— Доброе утро! — кричит мне сосед, забойщик Тум-а-Беддо. Он стоит во дворе в чем мать родила, а сыновья обливают его из ведер.
— Доброе утро! — кричу в ответ, дрожа от холода.
— Значит, сегодня идешь на Вершину, Йестин?
— Ага!
— Молодец! Ну, ни пуха ни пера!
Хватаю сухое полотенце и изо всех сил тру спину. Кричу, пляшу, пою, и жар охватывает озябшее тело. Скорей натягиваю рубаху, заправляю ее в штаны — и к двери, пока мороз опять не вцепился в меня своими скрюченными пальцами. Но тут же передумываю, поворачиваюсь и мчусь в глубь сада. Распахиваю дверь — там Морфид.
— Господи, — говорит она, — и тут не дают покоя!
— Да скорей ты, а то сейчас наделаю в штаны!
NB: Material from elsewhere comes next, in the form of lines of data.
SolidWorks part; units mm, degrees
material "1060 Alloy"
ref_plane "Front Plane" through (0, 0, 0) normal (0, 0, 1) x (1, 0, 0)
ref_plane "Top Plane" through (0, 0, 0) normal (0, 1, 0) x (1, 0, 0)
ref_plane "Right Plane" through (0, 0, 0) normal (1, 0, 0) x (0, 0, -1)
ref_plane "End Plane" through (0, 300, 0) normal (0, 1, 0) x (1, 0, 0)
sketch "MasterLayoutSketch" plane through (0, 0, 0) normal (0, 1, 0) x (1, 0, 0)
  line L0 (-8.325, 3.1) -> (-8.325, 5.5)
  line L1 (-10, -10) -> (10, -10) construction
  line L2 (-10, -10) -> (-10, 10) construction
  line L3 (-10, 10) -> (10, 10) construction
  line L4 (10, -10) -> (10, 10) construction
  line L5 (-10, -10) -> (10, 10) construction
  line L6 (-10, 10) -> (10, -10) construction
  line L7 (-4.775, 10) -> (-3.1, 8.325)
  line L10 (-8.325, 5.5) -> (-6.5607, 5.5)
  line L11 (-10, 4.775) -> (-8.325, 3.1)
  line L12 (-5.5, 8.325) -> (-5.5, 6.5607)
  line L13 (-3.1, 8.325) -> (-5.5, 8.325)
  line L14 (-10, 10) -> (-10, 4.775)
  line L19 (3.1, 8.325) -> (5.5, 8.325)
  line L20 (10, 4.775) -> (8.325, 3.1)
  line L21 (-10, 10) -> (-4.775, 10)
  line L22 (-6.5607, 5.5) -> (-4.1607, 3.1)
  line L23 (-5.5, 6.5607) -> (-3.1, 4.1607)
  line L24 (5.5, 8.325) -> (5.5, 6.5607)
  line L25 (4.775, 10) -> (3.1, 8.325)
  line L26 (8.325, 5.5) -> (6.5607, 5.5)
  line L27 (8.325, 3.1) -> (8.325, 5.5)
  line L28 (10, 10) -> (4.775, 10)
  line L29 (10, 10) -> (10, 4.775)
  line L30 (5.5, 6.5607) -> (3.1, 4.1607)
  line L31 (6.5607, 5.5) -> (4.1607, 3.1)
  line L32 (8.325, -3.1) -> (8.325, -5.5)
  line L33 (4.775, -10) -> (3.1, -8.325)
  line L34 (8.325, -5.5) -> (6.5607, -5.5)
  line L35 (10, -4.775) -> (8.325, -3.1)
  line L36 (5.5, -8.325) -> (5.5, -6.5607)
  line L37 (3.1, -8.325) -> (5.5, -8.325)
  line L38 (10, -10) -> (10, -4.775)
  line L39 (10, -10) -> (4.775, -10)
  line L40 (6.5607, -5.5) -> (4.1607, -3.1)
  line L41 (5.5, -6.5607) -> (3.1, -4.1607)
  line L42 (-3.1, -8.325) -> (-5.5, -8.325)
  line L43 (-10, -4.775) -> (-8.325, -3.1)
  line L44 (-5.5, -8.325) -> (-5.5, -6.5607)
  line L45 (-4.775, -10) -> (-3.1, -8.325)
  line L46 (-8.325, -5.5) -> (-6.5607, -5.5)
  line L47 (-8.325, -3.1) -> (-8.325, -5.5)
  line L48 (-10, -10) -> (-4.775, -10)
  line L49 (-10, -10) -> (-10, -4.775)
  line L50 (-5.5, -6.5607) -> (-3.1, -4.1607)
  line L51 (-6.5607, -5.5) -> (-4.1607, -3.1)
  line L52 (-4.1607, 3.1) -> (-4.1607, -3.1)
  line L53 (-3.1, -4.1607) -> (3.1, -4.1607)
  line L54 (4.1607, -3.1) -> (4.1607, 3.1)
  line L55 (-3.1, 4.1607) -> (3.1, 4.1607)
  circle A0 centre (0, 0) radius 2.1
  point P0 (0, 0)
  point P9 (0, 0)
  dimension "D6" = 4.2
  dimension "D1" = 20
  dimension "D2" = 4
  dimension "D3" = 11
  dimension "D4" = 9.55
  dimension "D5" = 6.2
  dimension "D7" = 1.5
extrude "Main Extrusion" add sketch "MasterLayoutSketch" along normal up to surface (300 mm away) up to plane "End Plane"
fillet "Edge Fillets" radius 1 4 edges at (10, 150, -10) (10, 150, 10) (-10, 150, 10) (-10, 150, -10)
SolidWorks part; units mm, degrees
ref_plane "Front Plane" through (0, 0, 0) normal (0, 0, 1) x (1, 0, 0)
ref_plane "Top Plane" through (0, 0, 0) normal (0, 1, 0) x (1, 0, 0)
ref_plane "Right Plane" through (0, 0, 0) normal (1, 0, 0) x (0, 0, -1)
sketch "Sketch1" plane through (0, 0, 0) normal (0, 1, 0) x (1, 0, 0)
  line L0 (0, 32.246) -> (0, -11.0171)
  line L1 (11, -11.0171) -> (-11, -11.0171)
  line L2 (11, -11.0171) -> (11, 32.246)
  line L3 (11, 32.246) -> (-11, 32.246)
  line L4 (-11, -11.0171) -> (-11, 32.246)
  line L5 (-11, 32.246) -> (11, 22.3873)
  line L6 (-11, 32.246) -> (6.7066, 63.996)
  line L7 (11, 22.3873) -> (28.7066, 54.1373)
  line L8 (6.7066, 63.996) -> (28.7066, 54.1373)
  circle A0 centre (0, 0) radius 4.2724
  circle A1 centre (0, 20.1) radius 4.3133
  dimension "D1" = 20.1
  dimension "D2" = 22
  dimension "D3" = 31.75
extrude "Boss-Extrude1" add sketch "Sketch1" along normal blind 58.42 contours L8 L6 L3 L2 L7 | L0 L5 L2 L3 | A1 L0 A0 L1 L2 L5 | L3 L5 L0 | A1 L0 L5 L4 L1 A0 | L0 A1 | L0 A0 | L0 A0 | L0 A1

— Ну и делай, мне-то что. Я первая пришла. А ну-ка, постой.
Щупает у меня под рубахой.
— Так.
Морфид выходит, и я занимаю ее место. Она идет к кухонной двери и говорит отцу:
— Йестин не хочет надевать фуфайку, которую я ему связала, а сегодня такой холодище, что хоть в шкуры закутывайся.
Вот дрянь!
— Надень фуфайку, — кричит отец, — и застегнись как следует, а сейчас закрой, пожалуйста, дверь!
Прочитываю один листок «Ведомостей», другой пускаю в дело и бегу домой.
Когда я вхожу на кухню, Морфид опять щупает у меня под рубахой, но я даже не злюсь — мне не до нее. От запаха жареной грудинки у меня аж живот сводит.
Наверно, хорошо быть свиньей и приносить людям такую радость. Ничто не может сравниться с этим запахом, проникающим во все уголки дома; он залезает в постель матери, раскрывает глаза Эдвины, щекочет в носу у Тум-а-Беддо, вырывается из окошка и поднимается по склону горы прямо в небо, куда попадают все свиньи — животные с чистой совестью. Эдвина, сонно моргая, высовывает голову из-под стола.
— Рад вас видеть, сударыня, — говорит ей отец. — А между прочим, готовить завтрак полагалось бы вам. А ну, живо умываться — и за стол.
С Эдвиной отец никогда не разговаривал строго. Она выбралась из-под стола на четвереньках и, улыбаясь, откинула с лица длинные белокурые волосы.
Моей второй сестре, Эдвине, было тринадцать лет.
Нарисовать ее портрет смог бы только искусный лондонский художник. Она была красива, но в ее бледном гордом лице было что-то большее, чем красота, — спокойная ясность. У нее были такие необыкновенно светлые, чуть раскосые глаза, что прохожие оборачивались на улицах. От Эдвины веяло непостижимой и глубокой тайной, и когда она училась в школе, никто не хотел сидеть с ней за одной партой, потому что все боялись страшных тилвит тег, прекрасных бледных созданий, обитающих на Элгам-Фарм.
Проходя мимо стола, Эдвина задела мою руку, и я отдернул ее, словно обжегшись. Глаза Эдвины стали печальными, но я ничего не мог с собой поделать. Все жители поселка относились к ней с таким же суеверным страхом. Столкнешься в воскресенье с тилвит тег — и в понедельник тебя засыплет в шахте. Посмотришь в глаза тилвит тег — и вагонетка отрежет тебе ступню, и не одному богобоязненному христианину сжигало руки жидким чугуном потому, что он крикнул в темноту: «Добрый вечер!», услышав человеческие, как ему показалось, шаги.
«Белая девушка» — так сказал про нее однажды наш проповедник Томос Трахерн, а ведь это просто другое название нечистой силы.
Выходя умываться, Эдвина посмотрела на меня такими большими глазами и так нежно улыбнулась, что я понял — у нее что-то на уме и за завтраком будет разговор. Но я не стал над этим задумываться, потому что уже налегал на грудинку и на хлеб, а в мыслях у меня были вагонетки, в которых готовое железо спускают с горы в Лланфойст к каналу, откуда его везут под арками мостов в Ньюпорт.
Морфид резала хлеб, отец пил чай. Но я чувствовал, как что-то надвигается, — чувствовал по учащенному дыханию Эдвины и по быстрым движениям ее пальцев.
— В чем дело, дочка? — спросил отец, не глядя на нее.
Эдвина вздрогнула и судорожно глотнула. Не знаю, почему она так боялась отца, — он ни разу в жизни никого из нас пальцем не тронул.
— Это правда, что Йестин выходит сегодня на работу? — проговорила она.